# I need help asap!



## maximus1006 (Apr 19, 2010)

ok i have a problume i have brown hair algi that is all over the place i have T5 lighting rogue skimmer over 100 pounds of live rock with a 20 gal refugiam. I need this algi gone ill snap picks of the tank before and after. I have a water sample im waiting for on my phosfates. I have coral hard and soft. And this hair brown algi is getting all over my corals. Wich i suck it off with a baster but i keepstressing them out doing this can some one help i have lots of snails shrimp and a foxface rabbit fish and still ugh! let mek now any ideas!


----------



## WhiteGloveAquatics (Sep 3, 2009)

either pet solutions or marine depot have a device you use with the gravel vac, its a tong+ drain line, theory is to pick it off and it gets sucked out of the tank, no strays.
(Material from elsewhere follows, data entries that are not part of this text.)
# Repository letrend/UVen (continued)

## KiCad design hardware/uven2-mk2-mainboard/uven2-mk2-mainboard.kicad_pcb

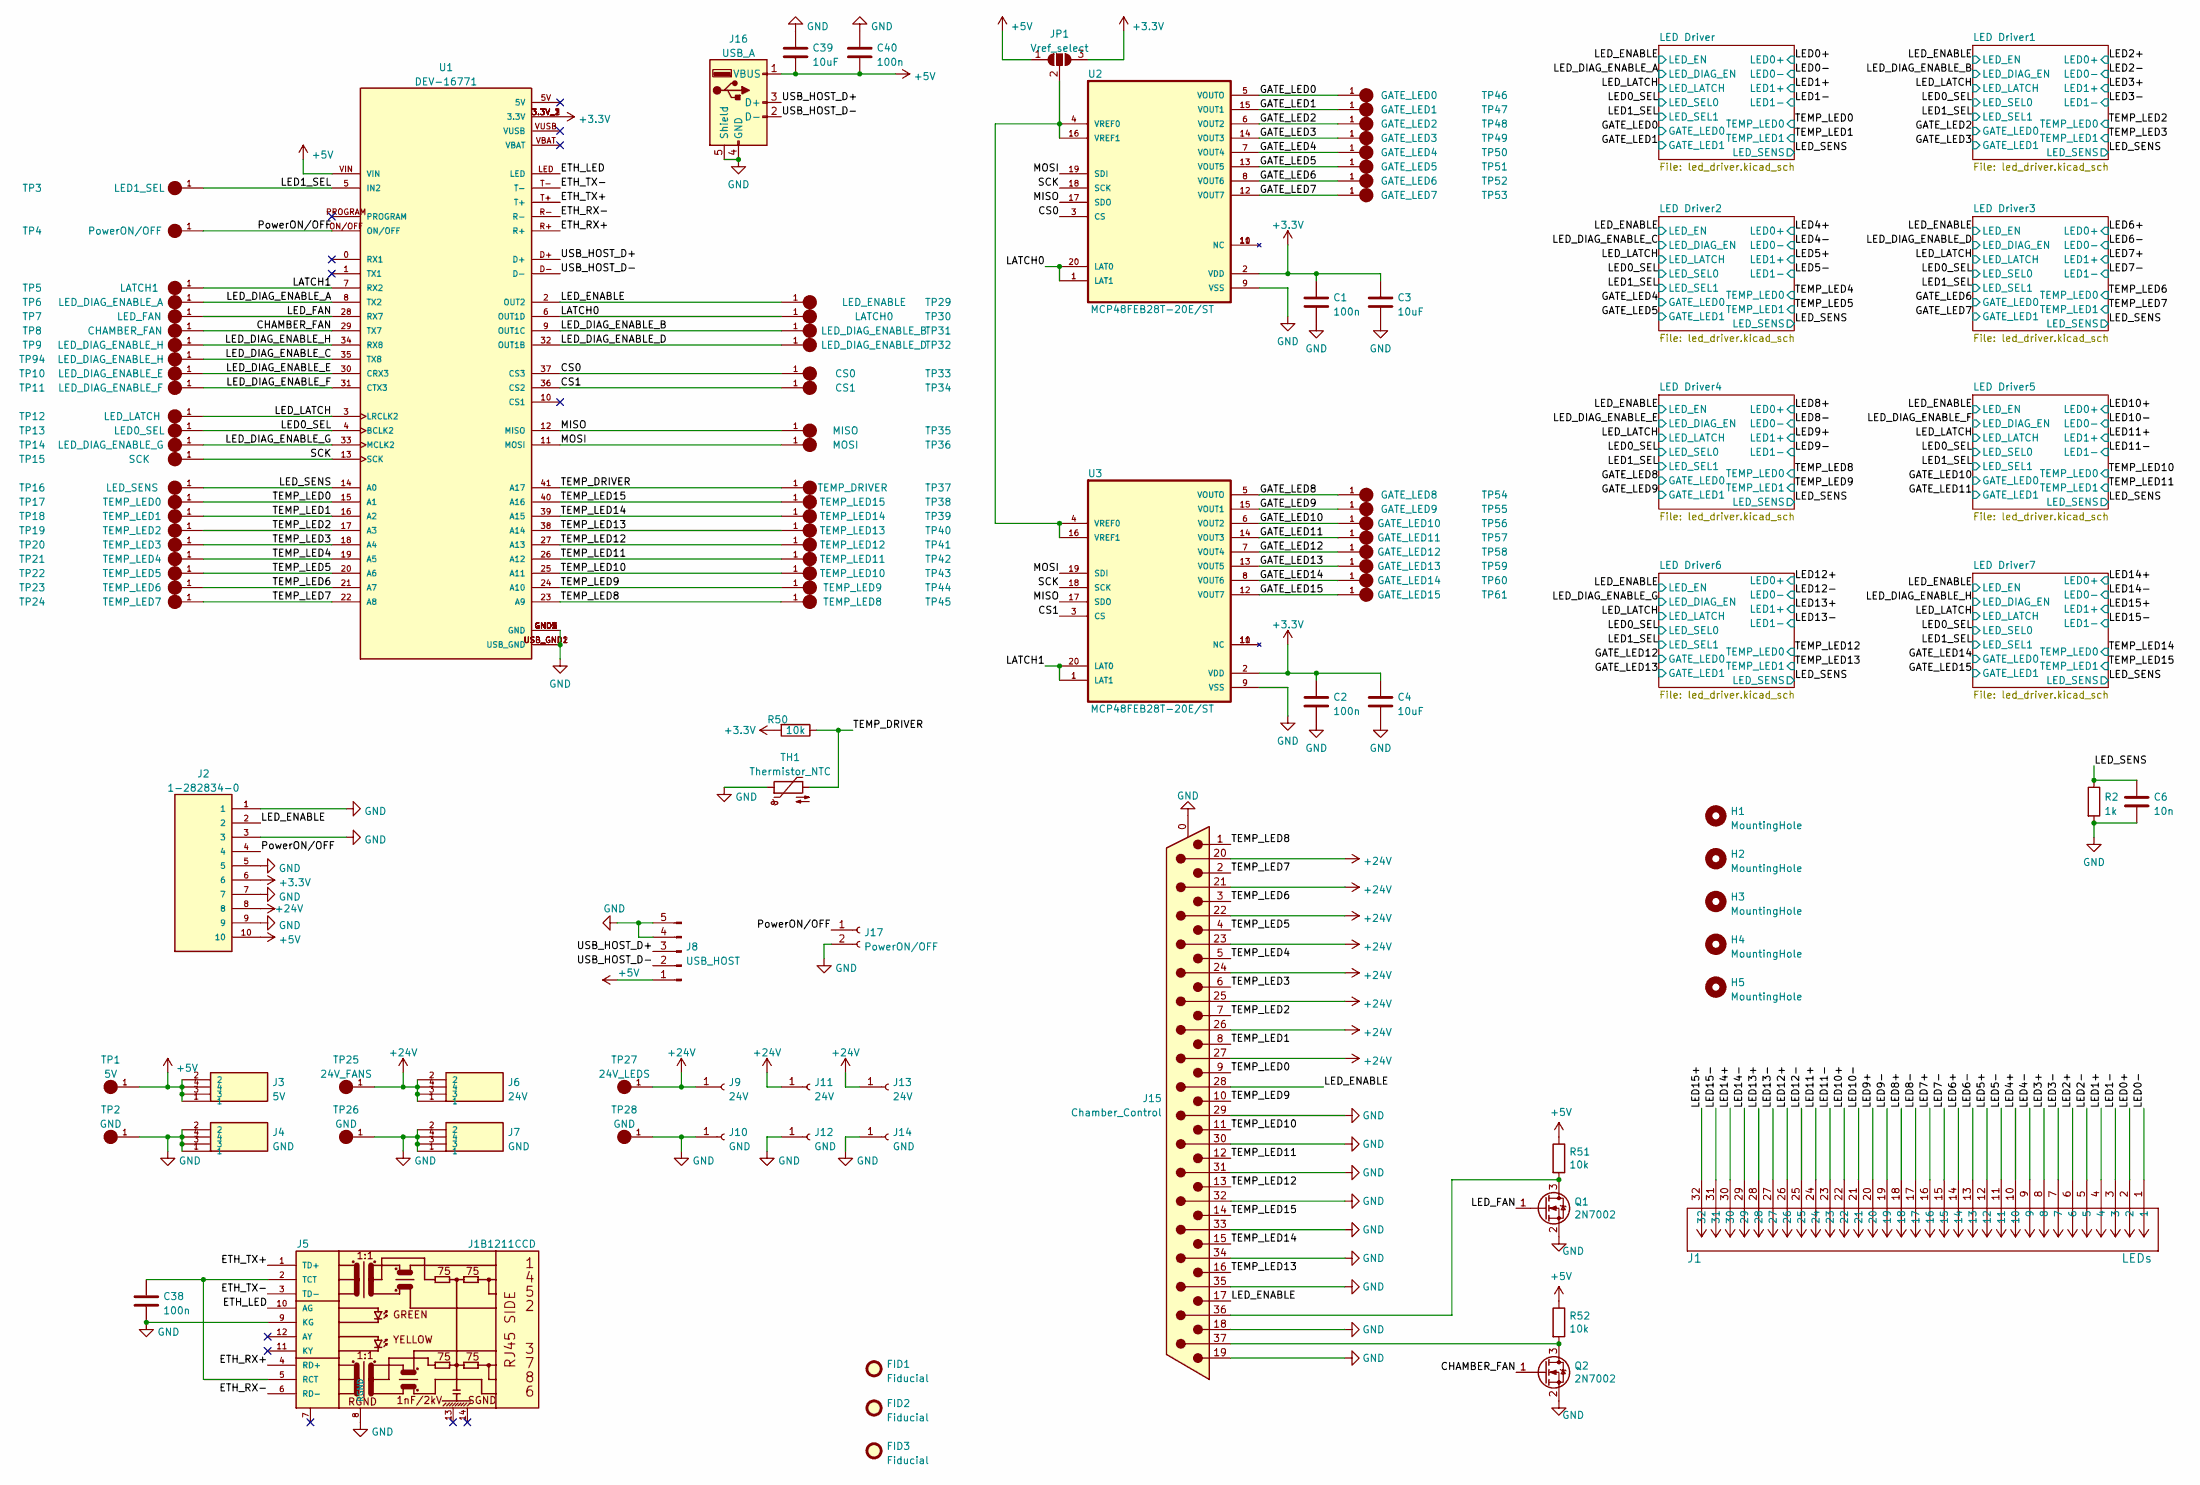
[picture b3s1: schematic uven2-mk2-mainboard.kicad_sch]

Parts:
C1, C2, C38, C40: 100n; C_0603_1608Metric_Pad1.08x0.95mm_HandSolder
C3, C4, C39: 10uF; C_0603_1608Metric_Pad1.08x0.95mm_HandSolder
C6: 10n; C_0603_1608Metric_Pad1.08x0.95mm_HandSolder
FID1, FID2, FID3: Fiducial; Fiducial_1mm_Dia_2.54mm_Outer_CopperTop
H1, H2, H3, H4, H5: MountingHole; MountingHole_3.2mm_M3
J1: LEDs; CONN_713-1436&slash_037-000_WAG
J2: 1-282834-0; TE_1-282834-0
J3: 5V; KEYSTONE_7767; PARTREV B
J4, J7: GND; KEYSTONE_7767; PARTREV B
J5: J1B1211CCD
J6: 24V; KEYSTONE_7767; PARTREV B
J8: USB_HOST; PinHeader_1x05_P2.54mm_Vertical
J9, J11, J13: 24V; 7466205R
J10, J12, J14: GND; 7466205R
J15: Chamber_Control; DSUB-37_Female_Horizontal_P2.77x2.84mm_EdgePinOffset7.70mm_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
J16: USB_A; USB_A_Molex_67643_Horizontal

Manual removal was the way I had to do it in my discus tank,besides my SAE's but im not sure what critter could eat the stuff in the marine world.

Aquarium Plant Tweezers/Tongs

half way down are the tongs
called aqua media aquarium tweezers.


----------



## drhank (Aug 3, 2009)

Manually removing brown hair algae probably isn't going to work. You need to find out what caused the outbreak and gradually reverse it. A lot more information is needed to be of much help. Water parameters, lighting period, feeding schedule and amount and type of food, if daylight is ever hitting the tank, water temperature, tank size, number of fish, and anything else you can think of. Pictures could also be helpful.

By the way, you can have this type of problem even with zero nitrates and phosphates.


----------